How to complete this task: An exact copy of all the data, minus the images, is required.

Dataset records:
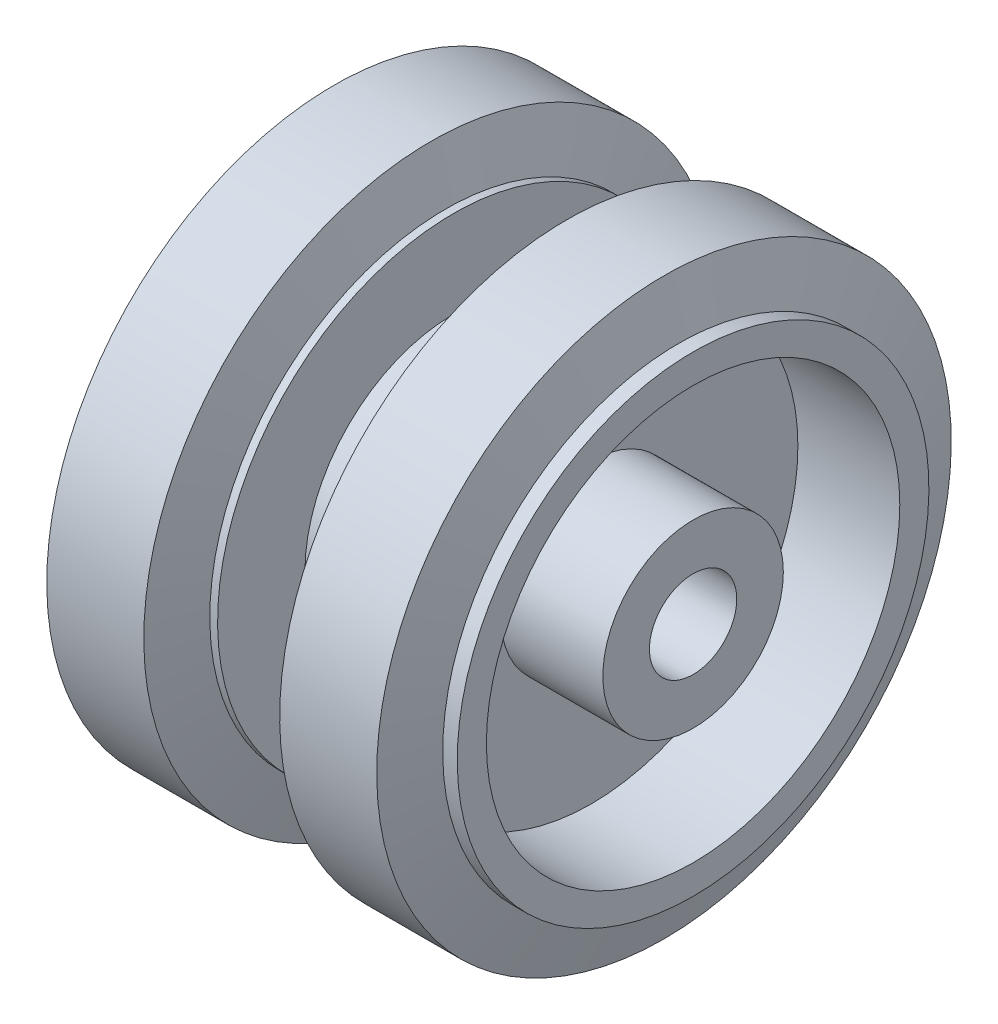
SolidWorks part; units mm, degrees
ref_plane "Front Plane" through (0, 0, 0) normal (0, 0, 1) x (1, 0, 0)
ref_plane "Top Plane" through (0, 0, 0) normal (0, 1, 0) x (1, 0, 0)
ref_plane "Right Plane" through (0, 0, 0) normal (1, 0, 0) x (0, 0, -1)
sketch "Sketch1" plane through (0, 0, 0) normal (0, 0, 1) x (1, 0, 0)
  line L0 (0, 0) -> (0, 15.3)
  line L1 (0, 15.3) -> (-4.7, 15.3)
  line L2 (-4.7, 15.3) -> (-4.7, 24.3)
  line L5 (-7, 29.6) -> (-17, 29.6)
  line L6 (-17, 29.6) -> (-18.5, 24.3)
  line L7 (-18.5, 24.3) -> (-20, 24.3)
  line L8 (-20, 24.3) -> (-20, 0)
  line L10 (-20, 0) -> (0, 0) construction
  line L11 (-4.7, 24.3) -> (-5.5, 24.3)
  line L12 (-5.5, 24.3) -> (-7, 29.6)
  line L13 (0, 0) -> (-20, 0)
  dimension "D1" = 4.7
  dimension "D2" = 10
  dimension "D3" = 1.5
  dimension "D4" = 3
  dimension "D5" = 0.8
  dimension "D6" = 2.3
  dimension "D7" = 24.3
  dimension "D8" = 29.6
  dimension "D9" = 15.3
revolve "Revolve1" add sketch "Sketch1" angle 360 about L10
sketch "Sketch2" plane through (0, 0, 0) normal (0, 0, 1) x (1, 0, 0)
  line L0 (0, 0) -> (-260.553, 0) construction
  line L1 (-20, 24.3) -> (-20, -24.3) construction
  line L2 (-20, 21.3) -> (-9.5, 21.3)
  line L3 (-20, 21.3) -> (-20, 9.3)
  line L4 (-20, 9.3) -> (-9.5, 9.3)
  line L5 (-9.5, 21.3) -> (-9.5, 9.3)
  line L7 (-20, 4.5) -> (-5, 4.5)
  line L8 (-20, 4.5) -> (-20, 0)
  line L9 (-20, 0) -> (-5, 0)
  line L10 (-5, 4.5) -> (-5, 0)
  dimension "D1" = 10.5
  dimension "D2" = 9.3
  dimension "D3" = 21.3
  dimension "D4" = 15
  dimension "D5" = 4.5
revolve "Cut-Revolve1" cut sketch "Sketch2" angle 360 about L0
mirror "Mirror1" about plane through (0, 0, 0) normal (-1, 0, 0) of "Cut-Revolve1", "Revolve1"
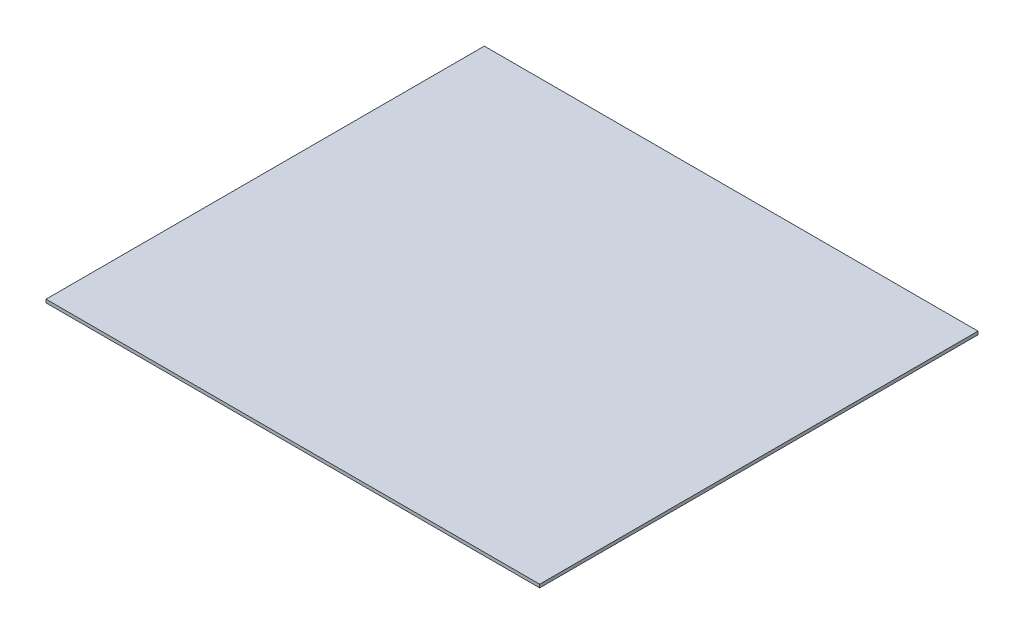
SolidWorks part; units mm, degrees
ref_plane "Спереди" through (0, 0, 0) normal (0, 0, 1) x (1, 0, 0)
ref_plane "Сверху" through (0, 0, 0) normal (0, 1, 0) x (1, 0, 0)
ref_plane "Справа" through (0, 0, 0) normal (1, 0, 0) x (0, 0, -1)
sketch "Эскиз1" plane through (0, 0, 0) normal (0, 0, 1) x (1, 0, 0)
  line L0 (-230.8846, 3) -> (230.8846, 3)
  line L1 (230.8846, 3) -> (230.8846, 0)
  line L2 (230.8846, 0) -> (-230.8846, 0)
  line L3 (-230.8846, 0) -> (-230.8846, 3)
extrude "Бобышка-Вытянуть1" add sketch "Эскиз1" against normal blind 410

Solution:
SolidWorks part; units mm, degrees
ref_plane "Front Plane" through (0, 0, 0) normal (0, 0, 1) x (1, 0, 0)
ref_plane "Top Plane" through (0, 0, 0) normal (0, 1, 0) x (1, 0, 0)
ref_plane "Right Plane" through (0, 0, 0) normal (1, 0, 0) x (0, 0, -1)
sketch "Sketch1" plane through (0, 0, 0) normal (0, 0, 1) x (1, 0, 0)
  line L0 (0, 0) -> (0, 15.3)
  line L1 (0, 15.3) -> (-4.7, 15.3)
  line L2 (-4.7, 15.3) -> (-4.7, 24.3)
  line L5 (-7, 29.6) -> (-17, 29.6)
  line L6 (-17, 29.6) -> (-18.5, 24.3)
  line L7 (-18.5, 24.3) -> (-20, 24.3)
  line L8 (-20, 24.3) -> (-20, 0)
  line L10 (-20, 0) -> (0, 0) construction
  line L11 (-4.7, 24.3) -> (-5.5, 24.3)
  line L12 (-5.5, 24.3) -> (-7, 29.6)
  line L13 (0, 0) -> (-20, 0)
  dimension "D1" = 4.7
  dimension "D2" = 10
  dimension "D3" = 1.5
  dimension "D4" = 3
  dimension "D5" = 0.8
  dimension "D6" = 2.3
  dimension "D7" = 24.3
  dimension "D8" = 29.6
  dimension "D9" = 15.3
revolve "Revolve1" add sketch "Sketch1" angle 360 about L10
sketch "Sketch2" plane through (0, 0, 0) normal (0, 0, 1) x (1, 0, 0)
  line L0 (0, 0) -> (-260.553, 0) construction
  line L1 (-20, 24.3) -> (-20, -24.3) construction
  line L2 (-20, 21.3) -> (-9.5, 21.3)
  line L3 (-20, 21.3) -> (-20, 9.3)
  line L4 (-20, 9.3) -> (-9.5, 9.3)
  line L5 (-9.5, 21.3) -> (-9.5, 9.3)
  line L7 (-20, 4.5) -> (-5, 4.5)
  line L8 (-20, 4.5) -> (-20, 0)
  line L9 (-20, 0) -> (-5, 0)
  line L10 (-5, 4.5) -> (-5, 0)
  dimension "D1" = 10.5
  dimension "D2" = 9.3
  dimension "D3" = 21.3
  dimension "D4" = 15
  dimension "D5" = 4.5
revolve "Cut-Revolve1" cut sketch "Sketch2" angle 360 about L0
mirror "Mirror1" about plane through (0, 0, 0) normal (-1, 0, 0) of "Cut-Revolve1", "Revolve1"
SolidWorks part; units mm, degrees
ref_plane "Спереди" through (0, 0, 0) normal (0, 0, 1) x (1, 0, 0)
ref_plane "Сверху" through (0, 0, 0) normal (0, 1, 0) x (1, 0, 0)
ref_plane "Справа" through (0, 0, 0) normal (1, 0, 0) x (0, 0, -1)
sketch "Эскиз1" plane through (0, 0, 0) normal (0, 0, 1) x (1, 0, 0)
  line L0 (-230.8846, 3) -> (230.8846, 3)
  line L1 (230.8846, 3) -> (230.8846, 0)
  line L2 (230.8846, 0) -> (-230.8846, 0)
  line L3 (-230.8846, 0) -> (-230.8846, 3)
extrude "Бобышка-Вытянуть1" add sketch "Эскиз1" against normal blind 410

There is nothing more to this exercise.